*** Information shown
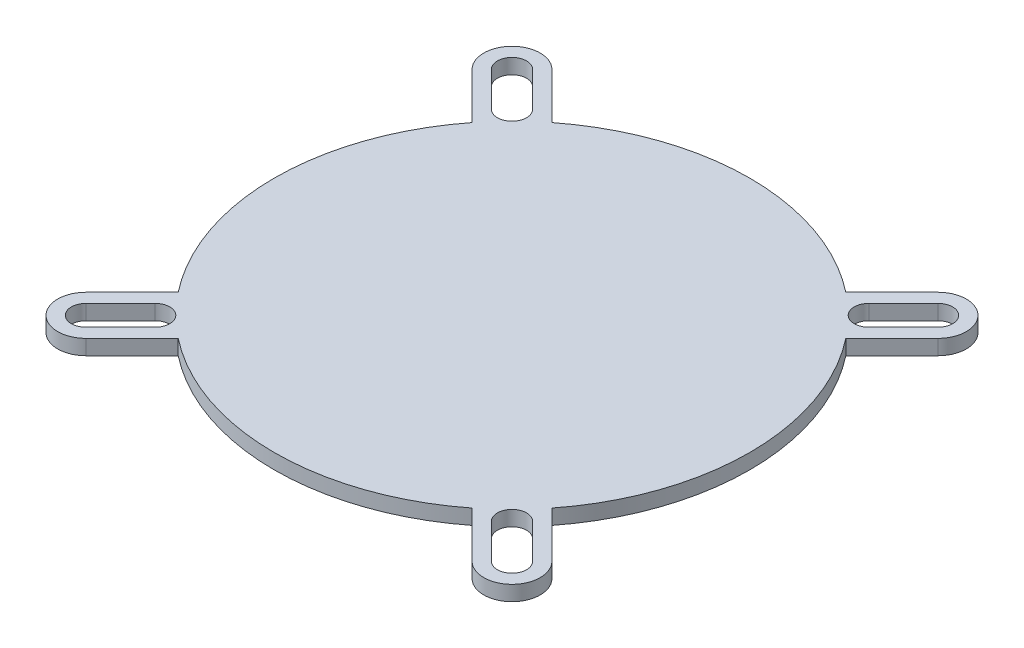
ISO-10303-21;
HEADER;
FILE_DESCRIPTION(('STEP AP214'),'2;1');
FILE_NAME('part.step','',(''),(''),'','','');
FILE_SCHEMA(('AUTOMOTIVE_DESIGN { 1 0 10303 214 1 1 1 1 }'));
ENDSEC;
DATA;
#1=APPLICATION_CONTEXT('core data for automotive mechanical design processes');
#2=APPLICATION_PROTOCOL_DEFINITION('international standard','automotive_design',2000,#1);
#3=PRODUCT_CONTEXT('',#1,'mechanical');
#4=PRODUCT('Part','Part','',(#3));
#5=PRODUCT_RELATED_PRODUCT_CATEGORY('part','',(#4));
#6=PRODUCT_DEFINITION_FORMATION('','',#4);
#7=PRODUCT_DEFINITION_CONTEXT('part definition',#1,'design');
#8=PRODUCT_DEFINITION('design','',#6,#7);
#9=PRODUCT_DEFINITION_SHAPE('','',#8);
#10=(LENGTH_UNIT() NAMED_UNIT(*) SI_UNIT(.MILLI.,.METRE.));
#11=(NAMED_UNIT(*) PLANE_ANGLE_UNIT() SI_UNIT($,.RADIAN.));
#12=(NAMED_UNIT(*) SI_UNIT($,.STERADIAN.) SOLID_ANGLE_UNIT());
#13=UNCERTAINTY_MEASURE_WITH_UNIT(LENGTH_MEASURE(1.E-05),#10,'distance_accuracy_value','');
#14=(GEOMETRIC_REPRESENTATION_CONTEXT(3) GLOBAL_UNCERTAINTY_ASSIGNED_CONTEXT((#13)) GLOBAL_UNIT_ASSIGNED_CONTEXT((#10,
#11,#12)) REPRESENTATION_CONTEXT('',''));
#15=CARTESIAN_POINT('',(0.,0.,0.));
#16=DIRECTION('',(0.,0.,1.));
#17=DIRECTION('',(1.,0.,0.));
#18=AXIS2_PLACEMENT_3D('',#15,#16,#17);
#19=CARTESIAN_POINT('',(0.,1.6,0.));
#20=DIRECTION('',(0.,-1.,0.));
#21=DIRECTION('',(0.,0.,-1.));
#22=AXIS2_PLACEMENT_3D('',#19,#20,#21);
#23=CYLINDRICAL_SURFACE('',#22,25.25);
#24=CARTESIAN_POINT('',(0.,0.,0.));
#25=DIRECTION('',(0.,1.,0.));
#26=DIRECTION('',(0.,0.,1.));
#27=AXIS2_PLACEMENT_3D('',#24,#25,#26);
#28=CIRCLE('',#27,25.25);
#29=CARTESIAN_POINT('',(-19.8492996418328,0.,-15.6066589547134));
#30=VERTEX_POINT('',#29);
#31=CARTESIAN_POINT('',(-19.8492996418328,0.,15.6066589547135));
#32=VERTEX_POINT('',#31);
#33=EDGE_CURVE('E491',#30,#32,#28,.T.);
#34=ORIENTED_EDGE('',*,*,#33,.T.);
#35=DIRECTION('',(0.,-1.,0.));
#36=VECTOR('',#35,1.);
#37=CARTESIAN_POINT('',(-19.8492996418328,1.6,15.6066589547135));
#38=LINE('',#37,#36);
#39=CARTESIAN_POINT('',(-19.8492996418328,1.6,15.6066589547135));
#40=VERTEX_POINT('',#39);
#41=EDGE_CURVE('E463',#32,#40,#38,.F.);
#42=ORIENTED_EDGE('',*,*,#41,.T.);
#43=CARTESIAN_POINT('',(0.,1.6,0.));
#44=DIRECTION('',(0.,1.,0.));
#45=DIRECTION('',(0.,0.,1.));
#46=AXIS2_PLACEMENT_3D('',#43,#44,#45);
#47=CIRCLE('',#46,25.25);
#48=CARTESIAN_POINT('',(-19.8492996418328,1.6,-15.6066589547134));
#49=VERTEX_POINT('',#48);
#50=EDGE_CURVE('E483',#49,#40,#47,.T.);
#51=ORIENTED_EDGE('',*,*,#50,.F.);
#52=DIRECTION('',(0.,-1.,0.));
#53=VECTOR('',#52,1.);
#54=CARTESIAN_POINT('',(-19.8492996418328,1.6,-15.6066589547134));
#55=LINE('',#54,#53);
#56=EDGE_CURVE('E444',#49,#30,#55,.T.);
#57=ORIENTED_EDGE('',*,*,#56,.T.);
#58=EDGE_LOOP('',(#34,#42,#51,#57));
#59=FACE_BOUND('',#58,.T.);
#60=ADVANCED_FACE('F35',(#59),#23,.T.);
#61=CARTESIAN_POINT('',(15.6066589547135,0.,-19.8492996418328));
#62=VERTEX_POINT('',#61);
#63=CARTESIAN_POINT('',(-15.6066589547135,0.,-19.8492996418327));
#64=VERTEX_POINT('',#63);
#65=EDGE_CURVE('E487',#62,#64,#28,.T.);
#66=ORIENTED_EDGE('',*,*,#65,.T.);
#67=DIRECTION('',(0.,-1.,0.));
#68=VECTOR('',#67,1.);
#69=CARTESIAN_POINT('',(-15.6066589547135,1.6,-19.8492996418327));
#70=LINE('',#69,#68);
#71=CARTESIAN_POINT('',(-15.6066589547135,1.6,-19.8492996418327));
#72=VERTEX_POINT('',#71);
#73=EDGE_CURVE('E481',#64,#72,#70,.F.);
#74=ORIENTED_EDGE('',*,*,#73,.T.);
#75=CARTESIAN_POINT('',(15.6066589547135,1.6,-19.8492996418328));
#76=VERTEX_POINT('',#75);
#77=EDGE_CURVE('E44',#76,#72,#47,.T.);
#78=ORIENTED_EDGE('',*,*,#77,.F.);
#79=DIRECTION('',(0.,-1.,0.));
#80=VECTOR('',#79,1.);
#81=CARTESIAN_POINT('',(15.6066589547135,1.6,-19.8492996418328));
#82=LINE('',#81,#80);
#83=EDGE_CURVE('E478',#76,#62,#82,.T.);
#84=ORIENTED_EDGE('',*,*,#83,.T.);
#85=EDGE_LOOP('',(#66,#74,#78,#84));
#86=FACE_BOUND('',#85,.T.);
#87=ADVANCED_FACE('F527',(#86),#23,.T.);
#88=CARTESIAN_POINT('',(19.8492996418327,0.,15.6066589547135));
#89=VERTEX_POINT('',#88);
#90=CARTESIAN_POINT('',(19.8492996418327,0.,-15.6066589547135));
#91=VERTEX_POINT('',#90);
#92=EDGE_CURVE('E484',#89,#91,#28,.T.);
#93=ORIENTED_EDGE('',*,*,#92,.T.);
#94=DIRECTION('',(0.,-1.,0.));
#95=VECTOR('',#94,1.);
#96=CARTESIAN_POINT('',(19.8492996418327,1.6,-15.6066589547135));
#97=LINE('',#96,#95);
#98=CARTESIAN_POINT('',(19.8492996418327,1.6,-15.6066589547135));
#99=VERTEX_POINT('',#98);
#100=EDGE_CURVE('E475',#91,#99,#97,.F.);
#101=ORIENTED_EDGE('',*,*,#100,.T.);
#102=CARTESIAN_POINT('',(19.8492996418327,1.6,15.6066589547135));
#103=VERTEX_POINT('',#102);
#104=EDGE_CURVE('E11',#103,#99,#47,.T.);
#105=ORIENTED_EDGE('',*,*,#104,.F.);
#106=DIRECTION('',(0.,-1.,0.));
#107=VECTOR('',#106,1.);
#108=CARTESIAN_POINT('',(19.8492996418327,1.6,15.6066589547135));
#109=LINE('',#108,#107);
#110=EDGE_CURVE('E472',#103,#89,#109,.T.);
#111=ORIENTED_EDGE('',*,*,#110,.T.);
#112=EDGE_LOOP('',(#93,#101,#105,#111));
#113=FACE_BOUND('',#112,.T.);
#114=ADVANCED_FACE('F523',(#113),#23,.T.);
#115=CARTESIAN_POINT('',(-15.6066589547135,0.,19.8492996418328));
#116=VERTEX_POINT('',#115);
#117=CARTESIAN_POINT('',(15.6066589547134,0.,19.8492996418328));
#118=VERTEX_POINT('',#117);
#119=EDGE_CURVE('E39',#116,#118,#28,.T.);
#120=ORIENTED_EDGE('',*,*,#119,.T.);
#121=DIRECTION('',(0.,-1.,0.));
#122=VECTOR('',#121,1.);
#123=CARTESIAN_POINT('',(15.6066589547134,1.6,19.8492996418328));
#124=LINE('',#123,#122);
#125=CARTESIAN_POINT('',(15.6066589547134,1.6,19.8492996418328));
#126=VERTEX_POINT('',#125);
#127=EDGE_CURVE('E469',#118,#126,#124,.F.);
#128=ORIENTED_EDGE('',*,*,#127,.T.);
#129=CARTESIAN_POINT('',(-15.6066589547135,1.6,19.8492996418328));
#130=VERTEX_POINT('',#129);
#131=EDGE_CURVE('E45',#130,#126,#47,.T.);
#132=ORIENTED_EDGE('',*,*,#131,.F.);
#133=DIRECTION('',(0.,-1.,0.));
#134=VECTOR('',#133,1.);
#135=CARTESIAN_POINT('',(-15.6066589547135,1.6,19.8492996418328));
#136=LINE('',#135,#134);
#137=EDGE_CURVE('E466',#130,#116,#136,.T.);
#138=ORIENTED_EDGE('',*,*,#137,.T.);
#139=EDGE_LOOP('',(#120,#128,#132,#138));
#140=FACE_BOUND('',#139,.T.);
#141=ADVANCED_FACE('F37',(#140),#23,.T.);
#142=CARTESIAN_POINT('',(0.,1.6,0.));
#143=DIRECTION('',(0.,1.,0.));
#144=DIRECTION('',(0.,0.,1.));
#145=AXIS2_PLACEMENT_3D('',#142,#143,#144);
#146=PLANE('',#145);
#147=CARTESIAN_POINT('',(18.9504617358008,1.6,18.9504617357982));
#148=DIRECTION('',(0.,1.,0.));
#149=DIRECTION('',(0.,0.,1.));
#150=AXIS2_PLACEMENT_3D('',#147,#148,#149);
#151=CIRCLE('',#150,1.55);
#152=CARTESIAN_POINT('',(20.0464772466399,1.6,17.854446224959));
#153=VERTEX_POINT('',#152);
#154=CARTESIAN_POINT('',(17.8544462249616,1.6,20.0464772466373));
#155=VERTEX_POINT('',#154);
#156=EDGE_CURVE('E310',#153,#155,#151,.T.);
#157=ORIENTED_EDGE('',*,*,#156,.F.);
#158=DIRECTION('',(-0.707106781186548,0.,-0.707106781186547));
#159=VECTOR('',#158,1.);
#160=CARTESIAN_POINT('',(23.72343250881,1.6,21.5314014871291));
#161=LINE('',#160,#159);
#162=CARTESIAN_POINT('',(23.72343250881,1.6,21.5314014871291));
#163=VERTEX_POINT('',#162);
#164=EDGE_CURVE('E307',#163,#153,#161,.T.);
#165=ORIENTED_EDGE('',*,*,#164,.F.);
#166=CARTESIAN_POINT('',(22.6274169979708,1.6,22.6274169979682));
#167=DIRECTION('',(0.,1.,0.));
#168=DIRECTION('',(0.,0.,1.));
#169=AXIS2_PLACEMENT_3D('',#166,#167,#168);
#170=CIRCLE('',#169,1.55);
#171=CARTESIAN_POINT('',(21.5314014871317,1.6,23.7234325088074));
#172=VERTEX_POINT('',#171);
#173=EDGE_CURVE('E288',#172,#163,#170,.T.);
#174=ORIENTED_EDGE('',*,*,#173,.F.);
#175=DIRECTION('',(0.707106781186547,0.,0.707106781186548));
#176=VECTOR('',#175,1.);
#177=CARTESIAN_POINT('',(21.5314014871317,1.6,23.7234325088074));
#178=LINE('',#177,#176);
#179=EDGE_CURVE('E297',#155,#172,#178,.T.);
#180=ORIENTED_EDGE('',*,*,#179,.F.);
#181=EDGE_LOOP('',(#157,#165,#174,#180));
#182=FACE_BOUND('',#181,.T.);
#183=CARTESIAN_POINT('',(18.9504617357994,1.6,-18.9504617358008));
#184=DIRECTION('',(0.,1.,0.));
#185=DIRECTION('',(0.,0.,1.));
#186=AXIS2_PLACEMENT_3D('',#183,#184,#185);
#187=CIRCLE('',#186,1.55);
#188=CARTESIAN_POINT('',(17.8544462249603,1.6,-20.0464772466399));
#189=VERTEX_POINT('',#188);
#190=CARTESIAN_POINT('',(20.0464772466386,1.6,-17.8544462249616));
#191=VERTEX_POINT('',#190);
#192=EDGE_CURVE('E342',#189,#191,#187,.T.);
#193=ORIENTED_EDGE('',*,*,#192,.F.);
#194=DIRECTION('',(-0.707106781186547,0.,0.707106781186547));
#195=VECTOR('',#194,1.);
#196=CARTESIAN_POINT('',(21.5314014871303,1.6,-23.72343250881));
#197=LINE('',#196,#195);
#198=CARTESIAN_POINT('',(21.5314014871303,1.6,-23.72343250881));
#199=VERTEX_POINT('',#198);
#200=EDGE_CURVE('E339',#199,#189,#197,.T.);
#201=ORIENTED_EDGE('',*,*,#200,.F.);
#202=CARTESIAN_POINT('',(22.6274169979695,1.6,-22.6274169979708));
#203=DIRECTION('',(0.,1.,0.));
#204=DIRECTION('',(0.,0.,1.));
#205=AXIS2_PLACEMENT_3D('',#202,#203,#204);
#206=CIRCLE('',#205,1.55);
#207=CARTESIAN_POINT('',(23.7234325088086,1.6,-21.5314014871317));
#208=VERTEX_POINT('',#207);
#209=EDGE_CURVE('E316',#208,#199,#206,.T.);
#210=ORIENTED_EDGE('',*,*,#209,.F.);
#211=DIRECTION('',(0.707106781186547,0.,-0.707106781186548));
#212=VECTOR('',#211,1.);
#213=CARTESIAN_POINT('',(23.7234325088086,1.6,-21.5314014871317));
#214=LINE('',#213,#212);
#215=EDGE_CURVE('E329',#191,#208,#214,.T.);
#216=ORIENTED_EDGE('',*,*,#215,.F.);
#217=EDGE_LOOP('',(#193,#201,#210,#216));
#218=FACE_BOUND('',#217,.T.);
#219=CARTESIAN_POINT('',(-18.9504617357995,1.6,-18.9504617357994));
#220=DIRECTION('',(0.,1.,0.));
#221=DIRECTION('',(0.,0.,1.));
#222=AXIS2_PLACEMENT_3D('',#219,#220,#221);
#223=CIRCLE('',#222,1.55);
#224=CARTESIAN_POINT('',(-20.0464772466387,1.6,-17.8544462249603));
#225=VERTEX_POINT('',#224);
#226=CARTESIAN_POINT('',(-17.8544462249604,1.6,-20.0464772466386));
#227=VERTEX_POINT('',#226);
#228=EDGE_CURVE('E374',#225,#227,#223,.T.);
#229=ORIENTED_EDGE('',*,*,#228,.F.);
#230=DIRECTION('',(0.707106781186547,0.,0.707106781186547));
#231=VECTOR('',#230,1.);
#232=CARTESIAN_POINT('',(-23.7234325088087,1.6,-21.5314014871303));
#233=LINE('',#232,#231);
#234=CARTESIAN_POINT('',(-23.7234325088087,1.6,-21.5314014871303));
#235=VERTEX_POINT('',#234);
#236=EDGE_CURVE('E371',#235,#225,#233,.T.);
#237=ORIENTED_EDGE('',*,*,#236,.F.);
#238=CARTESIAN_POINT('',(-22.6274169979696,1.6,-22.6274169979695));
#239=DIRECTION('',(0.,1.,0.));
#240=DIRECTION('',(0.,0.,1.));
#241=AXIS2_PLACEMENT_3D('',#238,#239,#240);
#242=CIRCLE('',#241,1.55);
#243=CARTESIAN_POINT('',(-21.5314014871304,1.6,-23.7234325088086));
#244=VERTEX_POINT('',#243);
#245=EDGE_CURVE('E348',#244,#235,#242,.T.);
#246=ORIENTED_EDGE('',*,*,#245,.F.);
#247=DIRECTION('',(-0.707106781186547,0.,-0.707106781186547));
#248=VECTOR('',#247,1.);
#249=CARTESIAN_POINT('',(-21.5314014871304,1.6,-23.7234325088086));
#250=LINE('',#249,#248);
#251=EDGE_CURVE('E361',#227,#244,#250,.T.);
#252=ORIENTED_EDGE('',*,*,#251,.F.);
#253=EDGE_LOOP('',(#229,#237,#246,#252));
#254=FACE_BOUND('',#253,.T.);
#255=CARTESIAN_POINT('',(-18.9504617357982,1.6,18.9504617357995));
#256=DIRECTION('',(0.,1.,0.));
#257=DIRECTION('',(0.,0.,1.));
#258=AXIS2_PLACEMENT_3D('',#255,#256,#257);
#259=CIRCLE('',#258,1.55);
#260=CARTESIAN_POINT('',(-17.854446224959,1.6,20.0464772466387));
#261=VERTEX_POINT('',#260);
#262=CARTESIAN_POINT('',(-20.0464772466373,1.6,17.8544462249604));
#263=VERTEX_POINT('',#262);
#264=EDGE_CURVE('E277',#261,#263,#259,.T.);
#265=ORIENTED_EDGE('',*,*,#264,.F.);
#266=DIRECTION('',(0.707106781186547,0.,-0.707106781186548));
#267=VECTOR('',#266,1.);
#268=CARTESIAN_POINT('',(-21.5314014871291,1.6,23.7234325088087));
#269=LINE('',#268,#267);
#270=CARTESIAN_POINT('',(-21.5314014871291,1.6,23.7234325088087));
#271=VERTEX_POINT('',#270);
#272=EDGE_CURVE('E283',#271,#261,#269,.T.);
******
Each line in the listing above from the one containing "#134=VECTOR('',#133,1.);" through the one containing "#151=CIRCLE('',#150,1.55);" should be repeated exactly, and no other line.

#134=VECTOR('',#133,1.);
#135=CARTESIAN_POINT('',(-15.6066589547135,1.6,19.8492996418328));
#136=LINE('',#135,#134);
#137=EDGE_CURVE('E466',#130,#116,#136,.T.);
#138=ORIENTED_EDGE('',*,*,#137,.T.);
#139=EDGE_LOOP('',(#120,#128,#132,#138));
#140=FACE_BOUND('',#139,.T.);
#141=ADVANCED_FACE('F37',(#140),#23,.T.);
#142=CARTESIAN_POINT('',(0.,1.6,0.));
#143=DIRECTION('',(0.,1.,0.));
#144=DIRECTION('',(0.,0.,1.));
#145=AXIS2_PLACEMENT_3D('',#142,#143,#144);
#146=PLANE('',#145);
#147=CARTESIAN_POINT('',(18.9504617358008,1.6,18.9504617357982));
#148=DIRECTION('',(0.,1.,0.));
#149=DIRECTION('',(0.,0.,1.));
#150=AXIS2_PLACEMENT_3D('',#147,#148,#149);
#151=CIRCLE('',#150,1.55);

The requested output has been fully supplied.